Write an efficient algorithm to count all possible paths in a \( (m;n) \) matrix to move from the top left cell to the bottom right one. The only movements allowed are right and down. Time complexity should be \( O(mn) \).

Solution I

Trivial solution: backtracking in \( O(2^{max(m,n)}) \)

int uniquePaths(const int M, const int N) {
  function<int(int,int)> countPaths = [&](int start_x, int start_y) {
    if (start_x >= N || start_y >= M)
      return 0;
    if (start_x == N - 1 && start_y == M - 1)
      return 1;
    return countPaths(start_x + 1, start_y) + countPaths(start_x, start_y + 1);
  };
  return countPaths(0, 0);
}

While this solution proves to be extremely easy to implement, it is also extremely inefficient.

Solution II

Realizing that many subproblems are recomputed multiple times in the previous approach and that right/bottom deltas can be considered as valid path increments (optimal substructure), leads us to a better approach with dynamic programming

int uniquePaths(const int M, const int N) {
  vector<vector<int>> dp(M, vector<int>(N, 0));

  for(int i = 0; i < M; ++i)
    dp[i][0] = 1;
  for(int i = 0; i < N; ++i)
    dp[0][i] = 1;

  for(int i = 1; i < M; ++i) {
    for(int j = 1; j < N; ++j) {
      dp[i][j] = dp[i-1][j] + dp[i][j-1];
    }
  }

  return dp[M-1][N-1];
}

Complexity is \( O(mn) \).

Solution III

A third more complex but definitely more performant approach lies in the following observation.

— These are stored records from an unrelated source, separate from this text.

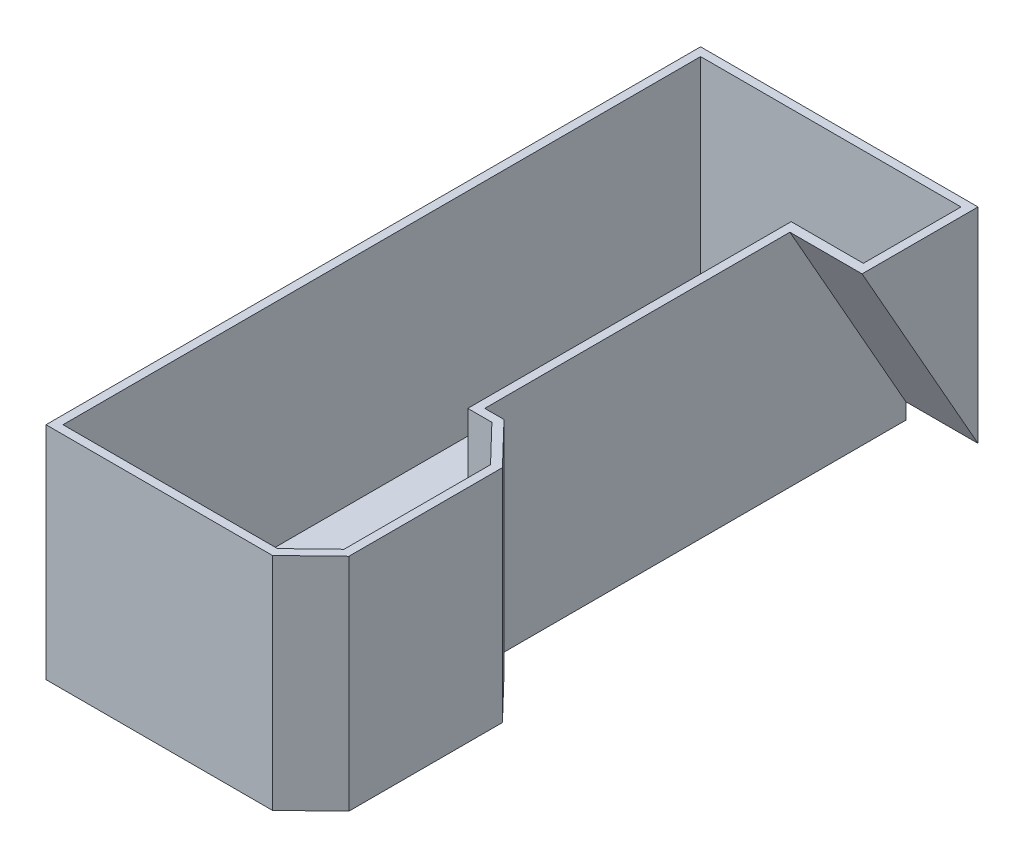
ISO-10303-21;
HEADER;
FILE_DESCRIPTION(('STEP AP214'),'2;1');
FILE_NAME('part.step','',(''),(''),'','','');
FILE_SCHEMA(('AUTOMOTIVE_DESIGN { 1 0 10303 214 1 1 1 1 }'));
ENDSEC;
DATA;
#1=APPLICATION_CONTEXT('core data for automotive mechanical design processes');
#2=APPLICATION_PROTOCOL_DEFINITION('international standard','automotive_design',2000,#1);
#3=PRODUCT_CONTEXT('',#1,'mechanical');
#4=PRODUCT('Part','Part','',(#3));
#5=PRODUCT_RELATED_PRODUCT_CATEGORY('part','',(#4));
#6=PRODUCT_DEFINITION_FORMATION('','',#4);
#7=PRODUCT_DEFINITION_CONTEXT('part definition',#1,'design');
#8=PRODUCT_DEFINITION('design','',#6,#7);
#9=PRODUCT_DEFINITION_SHAPE('','',#8);
#10=(LENGTH_UNIT() NAMED_UNIT(*) SI_UNIT(.MILLI.,.METRE.));
#11=(NAMED_UNIT(*) PLANE_ANGLE_UNIT() SI_UNIT($,.RADIAN.));
#12=(NAMED_UNIT(*) SI_UNIT($,.STERADIAN.) SOLID_ANGLE_UNIT());
#13=UNCERTAINTY_MEASURE_WITH_UNIT(LENGTH_MEASURE(1.E-05),#10,'distance_accuracy_value','');
#14=(GEOMETRIC_REPRESENTATION_CONTEXT(3) GLOBAL_UNCERTAINTY_ASSIGNED_CONTEXT((#13)) GLOBAL_UNIT_ASSIGNED_CONTEXT((#10,
#11,#12)) REPRESENTATION_CONTEXT('',''));
#15=CARTESIAN_POINT('',(0.,0.,0.));
#16=DIRECTION('',(0.,0.,1.));
#17=DIRECTION('',(1.,0.,0.));
#18=AXIS2_PLACEMENT_3D('',#15,#16,#17);
#19=CARTESIAN_POINT('',(278.,312.,-775.));
#20=DIRECTION('',(0.,-0.49259821985177,0.87025685507146));
#21=DIRECTION('',(0.,-0.87025685507146,-0.49259821985177));
#22=AXIS2_PLACEMENT_3D('',#19,#20,#21);
#23=PLANE('',#22);
#24=DIRECTION('',(-1.,0.,0.));
#25=VECTOR('',#24,1.);
#26=CARTESIAN_POINT('',(380.,68.2,-913.));
#27=LINE('',#26,#25);
#28=CARTESIAN_POINT('',(380.,68.2,-913.));
#29=VERTEX_POINT('',#28);
#30=CARTESIAN_POINT('',(278.,68.2,-913.));
#31=VERTEX_POINT('',#30);
#32=EDGE_CURVE('E56',#29,#31,#27,.T.);
#33=ORIENTED_EDGE('',*,*,#32,.T.);
#34=DIRECTION('',(0.,-0.87025685507146,-0.49259821985177));
#35=VECTOR('',#34,1.);
#36=CARTESIAN_POINT('',(278.,312.,-775.));
#37=LINE('',#36,#35);
#38=CARTESIAN_POINT('',(278.,312.,-775.));
#39=VERTEX_POINT('',#38);
#40=EDGE_CURVE('E217',#39,#31,#37,.T.);
#41=ORIENTED_EDGE('',*,*,#40,.F.);
#42=DIRECTION('',(1.,0.,0.));
#43=VECTOR('',#42,1.);
#44=CARTESIAN_POINT('',(278.,312.,-775.));
#45=LINE('',#44,#43);
#46=CARTESIAN_POINT('',(380.,312.,-775.));
#47=VERTEX_POINT('',#46);
#48=EDGE_CURVE('E219',#39,#47,#45,.T.);
#49=ORIENTED_EDGE('',*,*,#48,.T.);
#50=DIRECTION('',(0.,0.87025685507146,0.49259821985177));
#51=VECTOR('',#50,1.);
#52=CARTESIAN_POINT('',(380.,312.,-775.));
#53=LINE('',#52,#51);
#54=EDGE_CURVE('E190',#29,#47,#53,.T.);
#55=ORIENTED_EDGE('',*,*,#54,.F.);
#56=EDGE_LOOP('',(#33,#41,#49,#55));
#57=FACE_BOUND('',#56,.T.);
#58=ADVANCED_FACE('F41',(#57),#23,.F.);
#59=CARTESIAN_POINT('',(290.,12.,0.));
#60=DIRECTION('',(-1.,0.,0.));
#61=DIRECTION('',(0.,0.,1.));
#62=AXIS2_PLACEMENT_3D('',#59,#60,#61);
#63=PLANE('',#62);
#64=DIRECTION('',(0.,-0.87025685507146,-0.49259821985177));
#65=VECTOR('',#64,1.);
#66=CARTESIAN_POINT('',(290.,22.6393760342639,-925.));
#67=LINE('',#66,#65);
#68=CARTESIAN_POINT('',(290.,312.,-761.210967566564));
#69=VERTEX_POINT('',#68);
#70=CARTESIAN_POINT('',(290.,22.6393760342639,-925.));
#71=VERTEX_POINT('',#70);
#72=EDGE_CURVE('E186',#69,#71,#67,.T.);
#73=ORIENTED_EDGE('',*,*,#72,.F.);
#74=DIRECTION('',(0.,0.,-1.));
#75=VECTOR('',#74,1.);
#76=CARTESIAN_POINT('',(290.,312.,-330.));
#77=LINE('',#76,#75);
#78=CARTESIAN_POINT('',(290.,312.,-330.));
#79=VERTEX_POINT('',#78);
#80=EDGE_CURVE('E298',#79,#69,#77,.T.);
#81=ORIENTED_EDGE('',*,*,#80,.F.);
#82=DIRECTION('',(0.,1.,0.));
#83=VECTOR('',#82,1.);
#84=CARTESIAN_POINT('',(290.,0.,-330.));
#85=LINE('',#84,#83);
#86=CARTESIAN_POINT('',(290.,0.,-330.));
#87=VERTEX_POINT('',#86);
#88=EDGE_CURVE('E314',#87,#79,#85,.T.);
#89=ORIENTED_EDGE('',*,*,#88,.F.);
#90=DIRECTION('',(0.,0.,-1.));
#91=VECTOR('',#90,1.);
#92=CARTESIAN_POINT('',(290.,0.,0.));
#93=LINE('',#92,#91);
#94=CARTESIAN_POINT('',(290.,0.,-925.));
#95=VERTEX_POINT('',#94);
#96=EDGE_CURVE('E328',#87,#95,#93,.T.);
#97=ORIENTED_EDGE('',*,*,#96,.T.);
#98=DIRECTION('',(0.,-1.,0.));
#99=VECTOR('',#98,1.);
#100=CARTESIAN_POINT('',(290.,12.,-925.));
#101=LINE('',#100,#99);
#102=EDGE_CURVE('E49',#71,#95,#101,.T.);
#103=ORIENTED_EDGE('',*,*,#102,.F.);
#104=EDGE_LOOP('',(#73,#81,#89,#97,#103));
#105=FACE_BOUND('',#104,.T.);
#106=ADVANCED_FACE('F338',(#105),#63,.F.);
#107=CARTESIAN_POINT('',(0.,12.,0.));
#108=DIRECTION('',(1.,0.,0.));
#109=DIRECTION('',(0.,0.,-1.));
#110=AXIS2_PLACEMENT_3D('',#107,#108,#109);
#111=PLANE('',#110);
#112=DIRECTION('',(0.,0.,1.));
#113=VECTOR('',#112,1.);
#114=CARTESIAN_POINT('',(0.,0.,0.));
#115=LINE('',#114,#113);
#116=CARTESIAN_POINT('',(0.,0.,-925.));
#117=VERTEX_POINT('',#116);
#118=CARTESIAN_POINT('',(0.,0.,0.));
#119=VERTEX_POINT('',#118);
#120=EDGE_CURVE('E316',#117,#119,#115,.T.);
#121=ORIENTED_EDGE('',*,*,#120,.T.);
#122=DIRECTION('',(0.,-1.,0.));
#123=VECTOR('',#122,1.);
#124=CARTESIAN_POINT('',(0.,12.,0.));
#125=LINE('',#124,#123);
#126=CARTESIAN_POINT('',(0.,312.,0.));
#127=VERTEX_POINT('',#126);
#128=EDGE_CURVE('E11',#127,#119,#125,.T.);
#129=ORIENTED_EDGE('',*,*,#128,.F.);
#130=DIRECTION('',(0.,0.,1.));
#131=VECTOR('',#130,1.);
#132=CARTESIAN_POINT('',(0.,312.,-925.));
#133=LINE('',#132,#131);
#134=CARTESIAN_POINT('',(0.,312.,-925.));
#135=VERTEX_POINT('',#134);
#136=EDGE_CURVE('E280',#135,#127,#133,.T.);
#137=ORIENTED_EDGE('',*,*,#136,.F.);
#138=DIRECTION('',(0.,-1.,0.));
#139=VECTOR('',#138,1.);
#140=CARTESIAN_POINT('',(0.,12.,-925.));
#141=LINE('',#140,#139);
#142=EDGE_CURVE('E333',#135,#117,#141,.T.);
#143=ORIENTED_EDGE('',*,*,#142,.T.);
#144=EDGE_LOOP('',(#121,#129,#137,#143));
#145=FACE_BOUND('',#144,.T.);
#146=ADVANCED_FACE('F43',(#145),#111,.F.);
#147=CARTESIAN_POINT('',(0.,12.,0.));
#148=DIRECTION('',(0.,0.,-1.));
#149=DIRECTION('',(-1.,0.,0.));
#150=AXIS2_PLACEMENT_3D('',#147,#148,#149);
#151=PLANE('',#150);
#152=DIRECTION('',(1.,0.,0.));
#153=VECTOR('',#152,1.);
#154=CARTESIAN_POINT('',(0.,0.,0.));
#155=LINE('',#154,#153);
#156=CARTESIAN_POINT('',(320.,0.,0.));
#157=VERTEX_POINT('',#156);
#158=EDGE_CURVE('E326',#119,#157,#155,.T.);
#159=ORIENTED_EDGE('',*,*,#158,.T.);
#160=DIRECTION('',(0.,1.,0.));
#161=VECTOR('',#160,1.);
#162=CARTESIAN_POINT('',(320.,0.,0.));
#163=LINE('',#162,#161);
#164=CARTESIAN_POINT('',(320.,312.,0.));
#165=VERTEX_POINT('',#164);
#166=EDGE_CURVE('E313',#157,#165,#163,.T.);
#167=ORIENTED_EDGE('',*,*,#166,.T.);
#168=DIRECTION('',(1.,0.,0.));
#169=VECTOR('',#168,1.);
#170=CARTESIAN_POINT('',(0.,312.,0.));
#171=LINE('',#170,#169);
#172=EDGE_CURVE('E283',#127,#165,#171,.T.);
#173=ORIENTED_EDGE('',*,*,#172,.F.);
#174=ORIENTED_EDGE('',*,*,#128,.T.);
#175=EDGE_LOOP('',(#159,#167,#173,#174));
#176=FACE_BOUND('',#175,.T.);
#177=ADVANCED_FACE('F353',(#176),#151,.F.);
#178=CARTESIAN_POINT('',(0.,12.,-925.));
#179=DIRECTION('',(0.,0.,1.));
#180=DIRECTION('',(1.,0.,0.));
#181=AXIS2_PLACEMENT_3D('',#178,#179,#180);
#182=PLANE('',#181);
#183=DIRECTION('',(-1.,0.,0.));
#184=VECTOR('',#183,1.);
#185=CARTESIAN_POINT('',(290.,312.,-925.));
#186=LINE('',#185,#184);
#187=CARTESIAN_POINT('',(392.,312.,-925.));
#188=VERTEX_POINT('',#187);
#189=EDGE_CURVE('E196',#188,#135,#186,.T.);
#190=ORIENTED_EDGE('',*,*,#189,.F.);
#191=DIRECTION('',(0.,1.,0.));
#192=VECTOR('',#191,1.);
#193=CARTESIAN_POINT('',(392.,312.,-925.));
#194=LINE('',#193,#192);
#195=CARTESIAN_POINT('',(392.,22.6393760342638,-925.));
#196=VERTEX_POINT('',#195);
#197=EDGE_CURVE('E193',#196,#188,#194,.T.);
#198=ORIENTED_EDGE('',*,*,#197,.F.);
#199=DIRECTION('',(-1.,0.,0.));
#200=VECTOR('',#199,1.);
#201=CARTESIAN_POINT('',(380.,22.6393760342639,-925.));
#202=LINE('',#201,#200);
#203=EDGE_CURVE('E180',#196,#71,#202,.T.);
#204=ORIENTED_EDGE('',*,*,#203,.T.);
#205=ORIENTED_EDGE('',*,*,#102,.T.);
#206=DIRECTION('',(-1.,0.,0.));
#207=VECTOR('',#206,1.);
#208=CARTESIAN_POINT('',(0.,0.,-925.));
#209=LINE('',#208,#207);
#210=EDGE_CURVE('E331',#95,#117,#209,.T.);
#211=ORIENTED_EDGE('',*,*,#210,.T.);
#212=ORIENTED_EDGE('',*,*,#142,.F.);
#213=EDGE_LOOP('',(#190,#198,#204,#205,#211,#212));
#214=FACE_BOUND('',#213,.T.);
#215=ADVANCED_FACE('F194',(#214),#182,.F.);
#216=CARTESIAN_POINT('',(0.,0.,0.));
#217=DIRECTION('',(0.,-1.,0.));
#218=DIRECTION('',(0.,0.,-1.));
#219=AXIS2_PLACEMENT_3D('',#216,#217,#218);
#220=PLANE('',#219);
#221=ORIENTED_EDGE('',*,*,#120,.F.);
#222=ORIENTED_EDGE('',*,*,#210,.F.);
#223=ORIENTED_EDGE('',*,*,#96,.F.);
#224=DIRECTION('',(-1.,0.,0.));
#225=VECTOR('',#224,1.);
#226=CARTESIAN_POINT('',(290.,0.,-330.));
#227=LINE('',#226,#225);
#228=CARTESIAN_POINT('',(317.181818181818,0.,-330.));
#229=VERTEX_POINT('',#228);
#230=EDGE_CURVE('E310',#229,#87,#227,.T.);
#231=ORIENTED_EDGE('',*,*,#230,.F.);
#232=DIRECTION('',(-0.693893241040933,0.,-0.720077891646251));
#233=VECTOR('',#232,1.);
#234=CARTESIAN_POINT('',(317.181818181818,0.,-330.));
#235=LINE('',#234,#233);
#236=CARTESIAN_POINT('',(375.,0.,-270.));
#237=VERTEX_POINT('',#236);
#238=EDGE_CURVE('E307',#237,#229,#235,.T.);
#239=ORIENTED_EDGE('',*,*,#238,.F.);
#240=DIRECTION('',(0.,0.,-1.));
#241=VECTOR('',#240,1.);
#242=CARTESIAN_POINT('',(375.,0.,-270.));
#243=LINE('',#242,#241);
#244=CARTESIAN_POINT('',(375.,0.,-53.));
#245=VERTEX_POINT('',#244);
#246=EDGE_CURVE('E304',#245,#237,#243,.T.);
#247=ORIENTED_EDGE('',*,*,#246,.F.);
#248=DIRECTION('',(0.720077891646251,0.,-0.693893241040933));
#249=VECTOR('',#248,1.);
#250=CARTESIAN_POINT('',(375.,0.,-53.));
#251=LINE('',#250,#249);
#252=EDGE_CURVE('E301',#157,#245,#251,.T.);
#253=ORIENTED_EDGE('',*,*,#252,.F.);
#254=ORIENTED_EDGE('',*,*,#158,.F.);
#255=EDGE_LOOP('',(#221,#222,#223,#231,#239,#247,#253,#254));
#256=FACE_BOUND('',#255,.T.);
#257=ADVANCED_FACE('F343',(#256),#220,.T.);
#258=CARTESIAN_POINT('',(290.,0.,-330.));
#259=DIRECTION('',(0.,0.,-1.));
#260=DIRECTION('',(-1.,0.,0.));
#261=AXIS2_PLACEMENT_3D('',#258,#259,#260);
#262=PLANE('',#261);
#263=ORIENTED_EDGE('',*,*,#88,.T.);
#264=DIRECTION('',(-1.,0.,0.));
#265=VECTOR('',#264,1.);
#266=CARTESIAN_POINT('',(317.181818181818,312.,-330.));
#267=LINE('',#266,#265);
#268=CARTESIAN_POINT('',(317.181818181818,312.,-330.));
#269=VERTEX_POINT('',#268);
#270=EDGE_CURVE('E295',#269,#79,#267,.T.);
#271=ORIENTED_EDGE('',*,*,#270,.F.);
#272=DIRECTION('',(0.,1.,0.));
#273=VECTOR('',#272,1.);
#274=CARTESIAN_POINT('',(317.181818181818,0.,-330.));
#275=LINE('',#274,#273);
#276=EDGE_CURVE('E317',#229,#269,#275,.T.);
#277=ORIENTED_EDGE('',*,*,#276,.F.);
#278=ORIENTED_EDGE('',*,*,#230,.T.);
#279=EDGE_LOOP('',(#263,#271,#277,#278));
#280=FACE_BOUND('',#279,.T.);
#281=ADVANCED_FACE('F367',(#280),#262,.T.);
#282=CARTESIAN_POINT('',(317.181818181818,0.,-330.));
#283=DIRECTION('',(0.720077891646251,0.,-0.693893241040933));
#284=DIRECTION('',(-0.693893241040933,0.,-0.720077891646251));
#285=AXIS2_PLACEMENT_3D('',#282,#283,#284);
#286=PLANE('',#285);
#287=ORIENTED_EDGE('',*,*,#276,.T.);
#288=DIRECTION('',(-0.693893241040933,0.,-0.720077891646251));
#289=VECTOR('',#288,1.);
#290=CARTESIAN_POINT('',(375.,312.,-270.));
#291=LINE('',#290,#289);
#292=CARTESIAN_POINT('',(375.,312.,-270.));
#293=VERTEX_POINT('',#292);
#294=EDGE_CURVE('E292',#293,#269,#291,.T.);
#295=ORIENTED_EDGE('',*,*,#294,.F.);
#296=DIRECTION('',(0.,1.,0.));
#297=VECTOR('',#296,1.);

Let us consider the allowed paths that can reach a cell for a 3x3 matrix

\[\left[ \begin{array}{ccc} 0&1&1\\ 1&2&3\\ 1&3&6 \end{array} \right]\]

The diagonals formed by bottom and left deltas for the \( (m;n) \) element are the same values in the \( (m;n) = (n;k) \) row of Pascal’s triangle, therefore the following holds

\[{n \choose k} = {n-1 \choose k-1} + {n-1 \choose k}\]

for any non-negative integer \( n \) and any integer \( k \) between 0 and \( n \).

It can be trivially demonstrated that

\[{n \choose k} = {n \choose k-1} \frac{n-k+1}{k}\]

therefore a recursive relation holds for which the base conditions are the unit elements on the fringe

int uniquePaths(const int M, const int N) {
  if (M == 0 || N == 0)
    return 0;
  if (M == 1 || N == 1)
    return 1;

  int Nc = (M - 1) + (N - 1); // (*)

  int C = 1;
  for (int k = 0; k < N - 1; ++k)
    C = C * (Nc - k) / (k + 1); // (*)
  return C;
}

The parts marked with (*) require careful consideration to get the indices right (since we loop in the range \( [0;N-2] \) by skipping the first base case 1), and by considering that matrices for which holds \( m \neq n \) need the Nc = (M - 1) + (N - 1) row of the triangle and 2N (to get the last \( k \)), but since we’re interested in going halfway through the \( k \) arrangements reduces to N - 1.

Final complexity is \( O(max(n,m)) \) and due to the triangle symmetry it also works for \( m < n \).